### Available data
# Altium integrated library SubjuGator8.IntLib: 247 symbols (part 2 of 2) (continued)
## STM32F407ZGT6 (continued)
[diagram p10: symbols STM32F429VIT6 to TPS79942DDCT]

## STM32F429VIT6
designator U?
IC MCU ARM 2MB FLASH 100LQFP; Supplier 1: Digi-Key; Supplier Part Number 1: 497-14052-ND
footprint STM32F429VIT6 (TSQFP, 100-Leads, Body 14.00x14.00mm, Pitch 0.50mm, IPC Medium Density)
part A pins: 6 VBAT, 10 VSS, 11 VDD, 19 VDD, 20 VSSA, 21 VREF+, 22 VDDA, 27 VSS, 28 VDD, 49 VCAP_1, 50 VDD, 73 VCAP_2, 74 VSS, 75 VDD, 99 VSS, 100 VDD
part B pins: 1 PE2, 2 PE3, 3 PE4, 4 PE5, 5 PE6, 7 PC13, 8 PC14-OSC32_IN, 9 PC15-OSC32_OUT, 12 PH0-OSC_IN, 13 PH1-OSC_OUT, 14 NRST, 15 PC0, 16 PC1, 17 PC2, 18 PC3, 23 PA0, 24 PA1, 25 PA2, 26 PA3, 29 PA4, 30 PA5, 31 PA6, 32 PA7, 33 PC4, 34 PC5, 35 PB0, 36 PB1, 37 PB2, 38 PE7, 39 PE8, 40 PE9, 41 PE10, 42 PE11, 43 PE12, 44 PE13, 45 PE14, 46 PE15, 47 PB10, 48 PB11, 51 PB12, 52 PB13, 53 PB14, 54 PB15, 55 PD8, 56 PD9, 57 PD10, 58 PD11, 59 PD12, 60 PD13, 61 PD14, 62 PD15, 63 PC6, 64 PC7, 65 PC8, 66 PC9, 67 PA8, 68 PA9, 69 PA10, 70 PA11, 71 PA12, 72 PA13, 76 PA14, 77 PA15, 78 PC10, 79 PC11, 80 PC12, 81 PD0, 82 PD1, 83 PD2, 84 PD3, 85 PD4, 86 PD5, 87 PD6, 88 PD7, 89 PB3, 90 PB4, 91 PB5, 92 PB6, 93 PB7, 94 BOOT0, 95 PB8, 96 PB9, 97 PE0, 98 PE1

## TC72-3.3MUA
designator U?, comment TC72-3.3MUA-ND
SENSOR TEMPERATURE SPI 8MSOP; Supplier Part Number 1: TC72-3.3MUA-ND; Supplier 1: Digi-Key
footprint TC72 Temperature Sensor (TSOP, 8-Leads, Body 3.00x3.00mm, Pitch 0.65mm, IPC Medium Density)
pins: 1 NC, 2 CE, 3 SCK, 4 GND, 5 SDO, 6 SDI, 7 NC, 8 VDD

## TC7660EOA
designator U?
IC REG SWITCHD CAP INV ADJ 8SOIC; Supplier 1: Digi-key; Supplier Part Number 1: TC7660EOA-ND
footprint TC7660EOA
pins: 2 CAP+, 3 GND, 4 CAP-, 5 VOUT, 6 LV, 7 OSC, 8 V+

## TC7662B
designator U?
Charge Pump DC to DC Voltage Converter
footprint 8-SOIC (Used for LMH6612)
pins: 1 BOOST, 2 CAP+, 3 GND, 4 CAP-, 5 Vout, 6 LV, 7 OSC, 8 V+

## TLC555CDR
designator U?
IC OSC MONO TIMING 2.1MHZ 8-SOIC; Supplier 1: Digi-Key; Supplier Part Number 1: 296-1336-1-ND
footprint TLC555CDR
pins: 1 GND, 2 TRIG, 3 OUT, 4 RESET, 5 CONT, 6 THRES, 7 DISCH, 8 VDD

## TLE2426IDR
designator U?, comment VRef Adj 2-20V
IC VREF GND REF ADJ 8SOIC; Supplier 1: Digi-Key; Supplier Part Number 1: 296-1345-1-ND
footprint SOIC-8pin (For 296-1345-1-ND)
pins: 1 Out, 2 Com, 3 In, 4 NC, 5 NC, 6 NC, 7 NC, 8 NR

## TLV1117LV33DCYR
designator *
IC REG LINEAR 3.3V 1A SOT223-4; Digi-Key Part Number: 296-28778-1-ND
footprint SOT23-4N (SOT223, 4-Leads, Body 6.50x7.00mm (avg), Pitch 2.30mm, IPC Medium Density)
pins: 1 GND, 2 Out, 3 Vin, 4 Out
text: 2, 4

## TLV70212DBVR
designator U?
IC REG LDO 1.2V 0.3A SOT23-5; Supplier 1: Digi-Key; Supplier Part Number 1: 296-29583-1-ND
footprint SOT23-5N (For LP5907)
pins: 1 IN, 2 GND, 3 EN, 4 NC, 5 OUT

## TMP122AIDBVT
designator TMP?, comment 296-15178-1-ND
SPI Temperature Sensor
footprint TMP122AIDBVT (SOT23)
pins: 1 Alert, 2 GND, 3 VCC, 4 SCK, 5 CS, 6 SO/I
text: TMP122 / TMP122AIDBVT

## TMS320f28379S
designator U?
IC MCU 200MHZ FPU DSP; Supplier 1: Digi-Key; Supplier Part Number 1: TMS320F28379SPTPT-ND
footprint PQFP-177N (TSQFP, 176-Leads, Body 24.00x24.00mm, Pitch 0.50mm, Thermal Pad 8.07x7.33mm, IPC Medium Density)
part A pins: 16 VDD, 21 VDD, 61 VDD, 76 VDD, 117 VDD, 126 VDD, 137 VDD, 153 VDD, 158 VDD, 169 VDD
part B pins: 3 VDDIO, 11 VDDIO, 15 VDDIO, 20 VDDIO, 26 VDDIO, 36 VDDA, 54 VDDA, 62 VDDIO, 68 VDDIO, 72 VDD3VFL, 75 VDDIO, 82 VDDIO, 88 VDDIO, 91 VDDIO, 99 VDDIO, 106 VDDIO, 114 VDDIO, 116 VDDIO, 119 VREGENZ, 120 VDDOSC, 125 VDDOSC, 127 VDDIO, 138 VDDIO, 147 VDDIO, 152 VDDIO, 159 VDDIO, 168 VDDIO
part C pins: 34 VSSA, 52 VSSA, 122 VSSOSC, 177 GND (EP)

### Exercise instructions
Write out the whole listing exactly.

### Exercise response
# Altium integrated library SubjuGator8.IntLib: 247 symbols (part 2 of 2) (continued)
## STM32F407ZGT6 (continued)
[diagram p10: symbols STM32F429VIT6 to TPS79942DDCT]

## STM32F429VIT6
designator U?
IC MCU ARM 2MB FLASH 100LQFP; Supplier 1: Digi-Key; Supplier Part Number 1: 497-14052-ND
footprint STM32F429VIT6 (TSQFP, 100-Leads, Body 14.00x14.00mm, Pitch 0.50mm, IPC Medium Density)
part A pins: 6 VBAT, 10 VSS, 11 VDD, 19 VDD, 20 VSSA, 21 VREF+, 22 VDDA, 27 VSS, 28 VDD, 49 VCAP_1, 50 VDD, 73 VCAP_2, 74 VSS, 75 VDD, 99 VSS, 100 VDD
part B pins: 1 PE2, 2 PE3, 3 PE4, 4 PE5, 5 PE6, 7 PC13, 8 PC14-OSC32_IN, 9 PC15-OSC32_OUT, 12 PH0-OSC_IN, 13 PH1-OSC_OUT, 14 NRST, 15 PC0, 16 PC1, 17 PC2, 18 PC3, 23 PA0, 24 PA1, 25 PA2, 26 PA3, 29 PA4, 30 PA5, 31 PA6, 32 PA7, 33 PC4, 34 PC5, 35 PB0, 36 PB1, 37 PB2, 38 PE7, 39 PE8, 40 PE9, 41 PE10, 42 PE11, 43 PE12, 44 PE13, 45 PE14, 46 PE15, 47 PB10, 48 PB11, 51 PB12, 52 PB13, 53 PB14, 54 PB15, 55 PD8, 56 PD9, 57 PD10, 58 PD11, 59 PD12, 60 PD13, 61 PD14, 62 PD15, 63 PC6, 64 PC7, 65 PC8, 66 PC9, 67 PA8, 68 PA9, 69 PA10, 70 PA11, 71 PA12, 72 PA13, 76 PA14, 77 PA15, 78 PC10, 79 PC11, 80 PC12, 81 PD0, 82 PD1, 83 PD2, 84 PD3, 85 PD4, 86 PD5, 87 PD6, 88 PD7, 89 PB3, 90 PB4, 91 PB5, 92 PB6, 93 PB7, 94 BOOT0, 95 PB8, 96 PB9, 97 PE0, 98 PE1

## TC72-3.3MUA
designator U?, comment TC72-3.3MUA-ND
SENSOR TEMPERATURE SPI 8MSOP; Supplier Part Number 1: TC72-3.3MUA-ND; Supplier 1: Digi-Key
footprint TC72 Temperature Sensor (TSOP, 8-Leads, Body 3.00x3.00mm, Pitch 0.65mm, IPC Medium Density)
pins: 1 NC, 2 CE, 3 SCK, 4 GND, 5 SDO, 6 SDI, 7 NC, 8 VDD

## TC7660EOA
designator U?
IC REG SWITCHD CAP INV ADJ 8SOIC; Supplier 1: Digi-key; Supplier Part Number 1: TC7660EOA-ND
footprint TC7660EOA
pins: 2 CAP+, 3 GND, 4 CAP-, 5 VOUT, 6 LV, 7 OSC, 8 V+

## TC7662B
designator U?
Charge Pump DC to DC Voltage Converter
footprint 8-SOIC (Used for LMH6612)
pins: 1 BOOST, 2 CAP+, 3 GND, 4 CAP-, 5 Vout, 6 LV, 7 OSC, 8 V+

## TLC555CDR
designator U?
IC OSC MONO TIMING 2.1MHZ 8-SOIC; Supplier 1: Digi-Key; Supplier Part Number 1: 296-1336-1-ND
footprint TLC555CDR
pins: 1 GND, 2 TRIG, 3 OUT, 4 RESET, 5 CONT, 6 THRES, 7 DISCH, 8 VDD

## TLE2426IDR
designator U?, comment VRef Adj 2-20V
IC VREF GND REF ADJ 8SOIC; Supplier 1: Digi-Key; Supplier Part Number 1: 296-1345-1-ND
footprint SOIC-8pin (For 296-1345-1-ND)
pins: 1 Out, 2 Com, 3 In, 4 NC, 5 NC, 6 NC, 7 NC, 8 NR

## TLV1117LV33DCYR
designator *
IC REG LINEAR 3.3V 1A SOT223-4; Digi-Key Part Number: 296-28778-1-ND
footprint SOT23-4N (SOT223, 4-Leads, Body 6.50x7.00mm (avg), Pitch 2.30mm, IPC Medium Density)
pins: 1 GND, 2 Out, 3 Vin, 4 Out
text: 2, 4

## TLV70212DBVR
designator U?
IC REG LDO 1.2V 0.3A SOT23-5; Supplier 1: Digi-Key; Supplier Part Number 1: 296-29583-1-ND
footprint SOT23-5N (For LP5907)
pins: 1 IN, 2 GND, 3 EN, 4 NC, 5 OUT

## TMP122AIDBVT
designator TMP?, comment 296-15178-1-ND
SPI Temperature Sensor
footprint TMP122AIDBVT (SOT23)
pins: 1 Alert, 2 GND, 3 VCC, 4 SCK, 5 CS, 6 SO/I
text: TMP122 / TMP122AIDBVT

## TMS320f28379S
designator U?
IC MCU 200MHZ FPU DSP; Supplier 1: Digi-Key; Supplier Part Number 1: TMS320F28379SPTPT-ND
footprint PQFP-177N (TSQFP, 176-Leads, Body 24.00x24.00mm, Pitch 0.50mm, Thermal Pad 8.07x7.33mm, IPC Medium Density)
part A pins: 16 VDD, 21 VDD, 61 VDD, 76 VDD, 117 VDD, 126 VDD, 137 VDD, 153 VDD, 158 VDD, 169 VDD
part B pins: 3 VDDIO, 11 VDDIO, 15 VDDIO, 20 VDDIO, 26 VDDIO, 36 VDDA, 54 VDDA, 62 VDDIO, 68 VDDIO, 72 VDD3VFL, 75 VDDIO, 82 VDDIO, 88 VDDIO, 91 VDDIO, 99 VDDIO, 106 VDDIO, 114 VDDIO, 116 VDDIO, 119 VREGENZ, 120 VDDOSC, 125 VDDOSC, 127 VDDIO, 138 VDDIO, 147 VDDIO, 152 VDDIO, 159 VDDIO, 168 VDDIO
part C pins: 34 VSSA, 52 VSSA, 122 VSSOSC, 177 GND (EP)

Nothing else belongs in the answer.